You're not returning from inside the for loop... so it should run exactly ARRAY_SIZE times each time.
The problem that you want to solve and the algorithm that you provided do not really match. You do not really want to remove the duplicates, but rather guarantee that all the elements in the array are different, the difference being that by removing duplicates the number of elements in the array would be less than the size of the array, but you want a full array.

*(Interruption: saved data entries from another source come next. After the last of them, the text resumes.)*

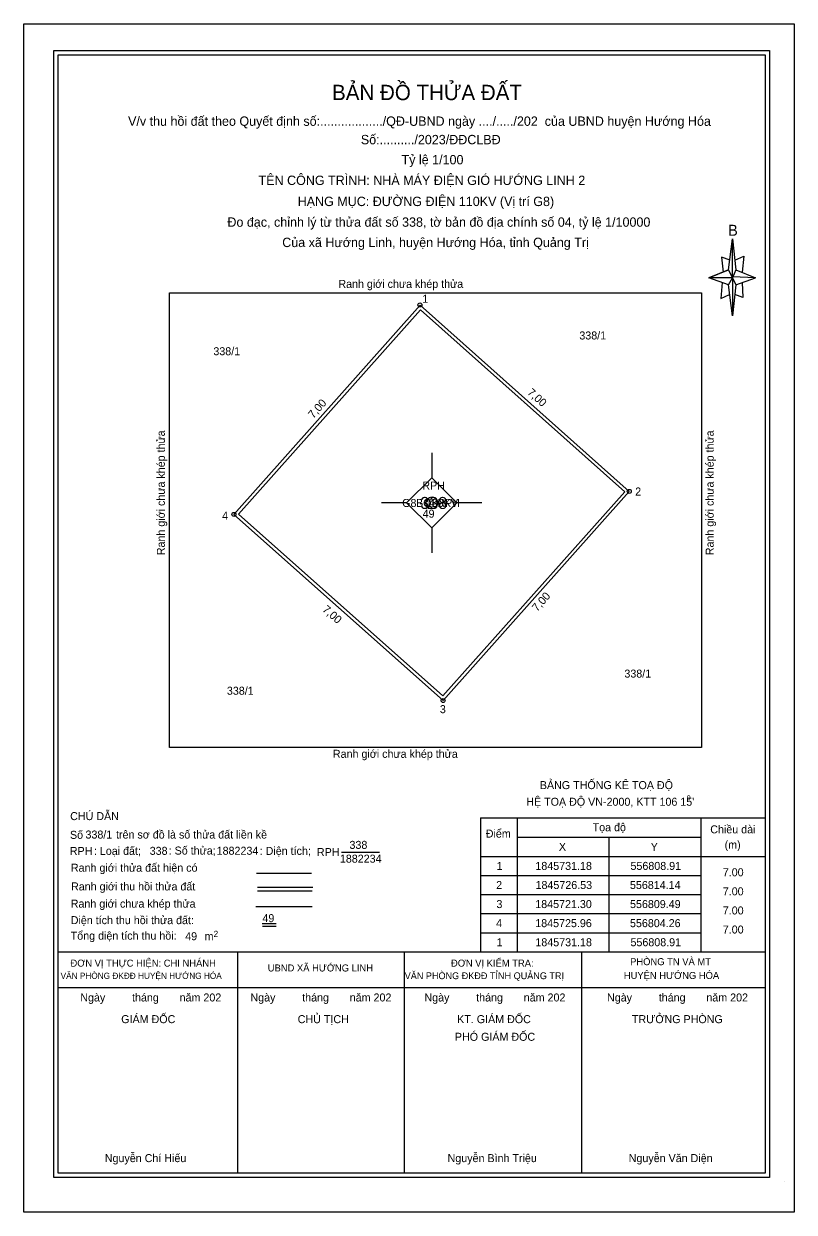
# Model space of a CAD drawing. Extents: x 554326 to 557938, y 1842406 to 1850283.
# Drawn here: x 556799.01 to 556818.26, y 1845708.51 to 1845738.22 of the extents above; entities that cross this region are included whole.
import ezdxf

# ---------------------------------------------------------------- set-up
doc = ezdxf.new("R2010")
doc.units = 0
for name, color, linetype in [('hsktNoiDung', 7, 'Continuous'), ('hsktTemplate', 7, 'Continuous'), ('Level 10', 7, 'Continuous'), ('Level 11', 7, 'Continuous'), ('Level 13', 7, 'Continuous'), ('Level 15', 7, 'Continuous'), ('Level 2', 7, 'Continuous'), ('Level 20', 7, 'Continuous'), ('Level 21', 7, 'Continuous'), ('Level 24', 7, 'Continuous'), ('Level 27', 7, 'Continuous'), ('Level 28', 7, 'Continuous'), ('Level 41', 7, 'Continuous'), ('Level 5', 7, 'Continuous'), ('Level 6', 7, 'Continuous'), ('Level 62', 7, 'Continuous'), ('NhanTuCan', 7, 'Continuous')]:
    doc.layers.add(name, color=color, linetype=linetype)

msp = doc.modelspace()

# ---------------------------------------------------------------- linework, layer by layer
at = {"layer": 'hsktTemplate'}
for p, q in [((556816.621, 1845732.068), (556816.721, 1845732.843)), ((556816.661, 1845732.307), (556816.443, 1845732.386)), ((556816.443, 1845732.386), (556816.482, 1845732.008)), ((556816.78, 1845732.307), (556816.999, 1845732.406)), ((556816.999, 1845732.406), (556816.959, 1845732.008)), ((556816.621, 1845732.068), (556816.125, 1845731.869)), ((556816.125, 1845731.869), (556816.621, 1845732.068)), ((556816.621, 1845731.691), (556816.125, 1845731.869)), ((556816.721, 1845731.869), (556816.125, 1845731.869)), ((556816.721, 1845731.869), (556816.621, 1845732.068)), ((556816.621, 1845732.068), (556816.8, 1845731.691)), ((556817.297, 1845731.869), (556816.721, 1845731.889)), ((556816.721, 1845731.889), (556816.721, 1845731.869)), ((556816.721, 1845731.869), (556816.8, 1845731.691)), ((556816.8, 1845732.068), (556817.297, 1845731.869)), ((556816.8, 1845731.691), (556817.297, 1845731.869)), ((556816.8, 1845731.691), (556817.297, 1845731.869)), ((556816.463, 1845731.75), (556816.423, 1845731.353)), ((556816.8, 1845731.691), (556816.721, 1845730.916)), ((556816.959, 1845731.75), (556816.979, 1845731.373)), ((556816.423, 1845731.353), (556816.641, 1845731.452)), ((556816.979, 1845731.373), (556816.78, 1845731.452)), ((556804.822, 1845716.982), (556806.197, 1845716.982)), ((556804.843, 1845716.635), (556806.226, 1845716.635)), ((556804.843, 1845716.542), (556806.217, 1845716.542)), ((556804.964, 1845715.727), (556805.313, 1845715.727)), ((556804.973, 1845715.656), (556805.314, 1845715.656)), ((556799.868, 1845715.019), (556817.532, 1845715.019)), ((556804.352, 1845709.491), (556804.352, 1845715.019)), ((556808.52, 1845709.491), (556808.52, 1845715.019)), ((556812.949, 1845709.491), (556812.949, 1845715.019)), ((556799.868, 1845714.126), (556817.532, 1845714.126)), ((556818.018, 1845709.276), (556818.018, 1845709.276)), ((556818.018, 1845709.276), (556818.018, 1845709.276)), ((556818.018, 1845709.276), (556818.018, 1845709.276))]:
    msp.add_line(p, q, dxfattribs=at)
for points in [[(556799.76, 1845737.548), (556817.641, 1845737.548), (556817.641, 1845709.376), (556799.76, 1845709.376)], [(556799.868, 1845737.44), (556817.532, 1845737.44), (556817.532, 1845709.484), (556799.868, 1845709.484)], [(556816.721, 1845732.843), (556816.8, 1845732.068), (556816.721, 1845731.869)], [(556816.721, 1845731.869), (556816.721, 1845730.916), (556816.621, 1845731.691)], [(556802.647, 1845731.495), (556815.94, 1845731.495), (556815.94, 1845720.13), (556802.647, 1845720.13)]]:
    msp.add_lwpolyline(points, close=True, dxfattribs=at)
msp.add_lwpolyline([(556806.213, 1845716.147), (556804.809, 1845716.147)], dxfattribs=at)
at = {"layer": 'Level 10'}
msp.add_lwpolyline([(556814.14, 1845726.529), (556809.486, 1845721.301), (556804.258, 1845725.955), (556808.912, 1845731.183), (556814.14, 1845726.529)], dxfattribs=at)
at = {"layer": 'Level 11'}
for p, q in [((556809.2, 1845727.49), (556809.2, 1845726.865)), ((556809.2, 1845726.865), (556808.575, 1845726.24)), ((556809.825, 1845726.24), (556809.2, 1845726.865)), ((556808.575, 1845726.24), (556807.95, 1845726.24)), ((556808.575, 1845726.24), (556809.2, 1845725.615)), ((556809.2, 1845725.615), (556809.825, 1845726.24)), ((556810.45, 1845726.24), (556809.825, 1845726.24)), ((556809.2, 1845725.615), (556809.2, 1845724.99))]:
    msp.add_line(p, q, dxfattribs=at)
msp.add_circle((556809.2, 1845726.24), 0.15, dxfattribs=at)
at = {"layer": 'Level 13'}
msp.add_lwpolyline([(556806.948, 1845717.512), (556807.894, 1845717.512)], dxfattribs=at)
at = {"layer": 'Level 2'}
msp.add_lwpolyline([(556799.005, 1845738.22), (556818.261, 1845738.22), (556818.261, 1845708.508), (556799.005, 1845708.508)], close=True, dxfattribs=at)
at = {"layer": 'Level 21'}
for centre in [(556808.906, 1845731.189), (556814.14, 1845726.529), (556804.258, 1845725.955), (556809.486, 1845721.301)]:
    msp.add_circle(centre, 0.05, dxfattribs=at)
at = {"layer": 'Level 27'}
for p, q in [((556817.532, 1845718.874), (556817.532, 1845715.019)), ((556810.421, 1845718.371), (556817.532, 1845718.371)), ((556810.421, 1845718.371), (556810.421, 1845715.019)), ((556811.338, 1845718.371), (556811.338, 1845715.019)), ((556815.926, 1845718.371), (556815.926, 1845715.019)), ((556811.338, 1845717.882), (556815.926, 1845717.882)), ((556813.632, 1845717.882), (556813.632, 1845715.019)), ((556810.421, 1845717.405), (556817.532, 1845717.405)), ((556810.421, 1845716.927), (556815.926, 1845716.927)), ((556810.421, 1845716.45), (556815.926, 1845716.45)), ((556810.421, 1845715.973), (556815.926, 1845715.973)), ((556810.421, 1845715.496), (556815.926, 1845715.496)), ((556810.421, 1845715.019), (556817.532, 1845715.019))]:
    msp.add_line(p, q, dxfattribs=at)
at = {"layer": 'Level 41'}
msp.add_lwpolyline([(556809.479, 1845721.414), (556814.027, 1845726.522), (556808.919, 1845731.07), (556804.371, 1845725.962)], close=True, dxfattribs=at)

# ---------------------------------------------------------------- texts
at = {"layer": 'hsktNoiDung'}
for s, height, p in [('Số ', 0.2, (556800.16, 1845717.843)), ('338/1', 0.2, (556800.548, 1845717.85)), ('trên sơ đồ là số thửa đất liền kề', 0.2, (556801.311, 1845717.85)), ('RPH', 0.2, (556800.156, 1845717.439)), (': Loại đất;', 0.2, (556800.758, 1845717.442)), ('338', 0.2, (556802.153, 1845717.443)), (': Số thửa; ', 0.2, (556802.627, 1845717.45)), ('1882234', 0.2, (556803.826, 1845717.445)), (' : Diện tích;', 0.2, (556804.828, 1845717.442)), ('49', 0.2, (556804.97, 1845715.76)), ('49', 0.2, (556803.04, 1845715.308)), ('2', 0.15, (556803.752, 1845715.393)), ('m', 0.2, (556803.525, 1845715.308))]:
    msp.add_text(s, height=height, dxfattribs=at).set_placement(p)
at = {"layer": 'hsktTemplate'}
for s, height, p in [('BẢN ĐỒ THỬA ĐẤT', 0.38401, (556806.71, 1845736.31)), ('V/v thu hồi đất theo Quyết định số:................../QĐ-UBND ngày ..../...../202  của UBND huyện Hướng Hóa', 0.233918, (556801.612, 1845735.668)), ('Số:........../2023/ĐĐCLBĐ', 0.23392, (556807.43, 1845735.207)), ('Tỷ lệ 1/100', 0.23392, (556808.447, 1845734.705)), ('TÊN CÔNG TRÌNH: NHÀ MÁY ĐIỆN GIÓ HƯỚNG LINH 2', 0.23392, (556804.873, 1845734.189)), ('HẠNG MỤC: ĐƯỜNG ĐIỆN 110KV (Vị trí G8)', 0.23392, (556805.851, 1845733.662)), ('Đo đạc, chỉnh lý từ thửa đất số 338, tờ bản đồ địa chính số 04, tỷ lệ 1/10000', 0.23392, (556804.095, 1845733.145)), ('B', 0.274, (556816.607, 1845732.92)), ('Của xã Hướng Linh, huyện Hướng Hóa, tỉnh Quảng Trị', 0.23392, (556805.465, 1845732.637)), ('Ranh giới chưa khép thửa', 0.2, (556806.868, 1845731.617)), ('Ranh giới chưa khép thửa', 0.2, (556806.732, 1845719.868)), ('BẢNG THỐNG KÊ TOẠ ĐỘ', 0.2, (556811.903, 1845719.086)), ("HỆ TOẠ ĐỘ VN-2000, KTT 106 15'", 0.2, (556811.565, 1845718.67)), ('o', 0.139, (556815.571, 1845718.822)), ('CHÚ DẪN', 0.2, (556800.165, 1845718.311)), ('Ranh giới thửa đất hiện có', 0.2, (556800.183, 1845717.021)), ('Ranh giới thu hồi thửa đất', 0.2, (556800.187, 1845716.553)), ('Ranh giới chưa khép thửa', 0.2, (556800.179, 1845716.123)), ('Diện tích thu hồi thửa đất:', 0.2, (556800.179, 1845715.71)), ('Tổng diện tích thu hồi:', 0.2, (556800.179, 1845715.322)), ('PHÒNG TN VÀ MT', 0.17544, (556814.16, 1845714.684)), ('ĐƠN VỊ THỰC HIỆN: CHI NHÁNH', 0.17544, (556800.173, 1845714.648)), ('UBND XÃ HƯỚNG LINH', 0.17544, (556805.103, 1845714.527)), ('ĐƠN VỊ KIỂM TRA:', 0.17544, (556809.683, 1845714.648)), ('VĂN PHÒNG ĐKĐĐ HUYỆN HƯỚNG HÓA', 0.15409, (556799.926, 1845714.342)), ('VĂN PHÒNG ĐKĐĐ TỈNH QUẢNG TRỊ', 0.16963, (556808.526, 1845714.335)), ('HUYỆN HƯỚNG HÓA', 0.17544, (556814.003, 1845714.34)), ('Ngày         tháng       năm 202', 0.2, (556800.418, 1845713.777)), ('Ngày         tháng       năm 202', 0.2, (556804.67, 1845713.777)), ('Ngày         tháng       năm 202', 0.2, (556809.019, 1845713.777)), ('Ngày         tháng       năm 202', 0.2, (556813.583, 1845713.777)), ('GIÁM ĐỐC', 0.2, (556801.441, 1845713.235)), (' CHỦ TỊCH', 0.2, (556805.778, 1845713.235)), ('KT. GIÁM ĐỐC', 0.2, (556809.837, 1845713.235)), ('TRƯỞNG PHÒNG', 0.2, (556814.205, 1845713.235)), ('PHÓ GIÁM ĐỐC', 0.2, (556809.78, 1845712.794)), ('Nguyễn Chí Hiếu', 0.2, (556801.031, 1845709.761)), ('Nguyễn Bình Triệu', 0.2, (556809.598, 1845709.761)), ('Nguyễn Văn Diện', 0.2, (556814.125, 1845709.761))]:
    msp.add_text(s, height=height, dxfattribs=at).set_placement(p)
at = {"layer": 'Level 13'}
for s, p in [('RPH', (556806.332, 1845717.412)), ('338', (556807.146, 1845717.592)), ('1882234', (556806.906, 1845717.247))]:
    msp.add_text(s, height=0.2, dxfattribs=at).set_placement(p)
at = {"layer": 'Level 15'}
msp.add_text('BQLRPH', height=0.2, dxfattribs=at).set_placement((556808.809, 1845726.14))
at = {"layer": 'Level 2'}
for p in [(556802.531, 1845724.933), (556816.248, 1845724.933)]:
    msp.add_text('Ranh giới chưa khép thửa', height=0.2, rotation=90, dxfattribs=at).set_placement(p)
at = {"layer": 'Level 20'}
msp.add_text('4', height=0.2, dxfattribs=at).set_placement((556809.131, 1845726.14))
at = {"layer": 'Level 21'}
for s, p in [('1', (556808.965, 1845731.245)), ('1', (556808.965, 1845731.245)), ('2', (556814.287, 1845726.426)), ('4', (556803.963, 1845725.822)), ('3', (556809.405, 1845720.985))]:
    msp.add_text(s, height=0.2, dxfattribs=at).set_placement(p)
at = {"layer": 'Level 24'}
msp.add_text('338', height=0.3, dxfattribs=at).set_placement((556808.917, 1845726.09))
at = {"layer": 'Level 27'}
for s, p in [('Tọa độ', (556813.223, 1845718.033)), ('Chiều dài', (556816.163, 1845717.98)), ('Điểm', (556810.552, 1845717.874)), ('X', (556812.38, 1845717.543)), ('Y', (556814.675, 1845717.543)), ('(m)', (556816.522, 1845717.596)), ('1', (556810.824, 1845717.066)), ('1845731.18', (556811.792, 1845717.066)), ('556808.91', (556814.169, 1845717.066)), ('7.00', (556816.476, 1845716.907)), ('2', (556810.812, 1845716.589)), ('1845726.53', (556811.796, 1845716.589)), ('556814.14', (556814.156, 1845716.589)), ('7.00', (556816.476, 1845716.43)), ('3', (556810.818, 1845716.112)), ('1845721.30', (556811.789, 1845716.112)), ('556809.49', (556814.158, 1845716.112)), ('7.00', (556816.476, 1845715.953)), ('4', (556810.811, 1845715.635)), ('1845725.96', (556811.789, 1845715.635)), ('556804.26', (556814.157, 1845715.635)), ('7.00', (556816.476, 1845715.476)), ('1', (556810.824, 1845715.158)), ('1845731.18', (556811.792, 1845715.158)), ('556808.91', (556814.169, 1845715.158))]:
    msp.add_text(s, height=0.2, dxfattribs=at).set_placement(p)
at = {"layer": 'Level 28'}
msp.add_text('G8 - 100KV', height=0.2, dxfattribs=at).set_placement((556808.463, 1845726.14))
at = {"layer": 'Level 5'}
for rotation, p in [(318.3217, (556811.575, 1845728.977)), (48.3217, (556806.241, 1845728.339)), (48.3217, (556811.837, 1845723.512)), (318.3217, (556806.455, 1845723.553))]:
    msp.add_text('7,00', height=0.2, rotation=rotation, dxfattribs=at).set_placement(p)
msp.add_text('49', height=0.2, dxfattribs=at).set_placement((556808.974, 1845725.872))
at = {"layer": 'Level 6'}
msp.add_text('49', height=0.2, dxfattribs=at).set_placement((556808.974, 1845725.872))
at = {"layer": 'Level 62'}
msp.add_text('RPH', height=0.2, dxfattribs=at).set_placement((556808.966, 1845726.575))
at = {"layer": 'NhanTuCan'}
for p in [(556812.891, 1845730.327), (556803.744, 1845729.933), (556814.017, 1845721.874), (556804.082, 1845721.445)]:
    msp.add_text('338/1', height=0.2, dxfattribs=at).set_placement(p)

doc.saveas('drawing.dxf')

I don't know what the perfect solution would be (algorithmically), but one simple answer would be creating an array of all the values in the valid range (since the range is small), shuffling it and then picking up the first N elements. Think of this as using cards to pick the values.
const int array_size = 9;
void create_array( int (&array)[array_size] ) {
const int max_value = 51;
int range[max_value];
for ( int i = 0; i < max_value; ++i ) {
range[i] = i;
}
std::random_shuffle( range, range+max_value );
std::copy_n( range, array_size, array );
}
This is not the most efficient approach, but it is simple, and with a small number of elements there should not be any performance issues. A more complex approach would be to initialize the array with the random elements in the range, sort and remove duplicates (actually remove, which means that the array will not be full at the end) and then continue generating numbers and checking whether they are new against the previously generated numbers.
Simplest approach is just comparing with every other value which is linear time but on an array of 9 elements linear time is small enough not to matter.
you are doing it wrong at
array[j] = rand();
array[j] = array[j] % 51
It will always have 1 to ARRAY SIZE!!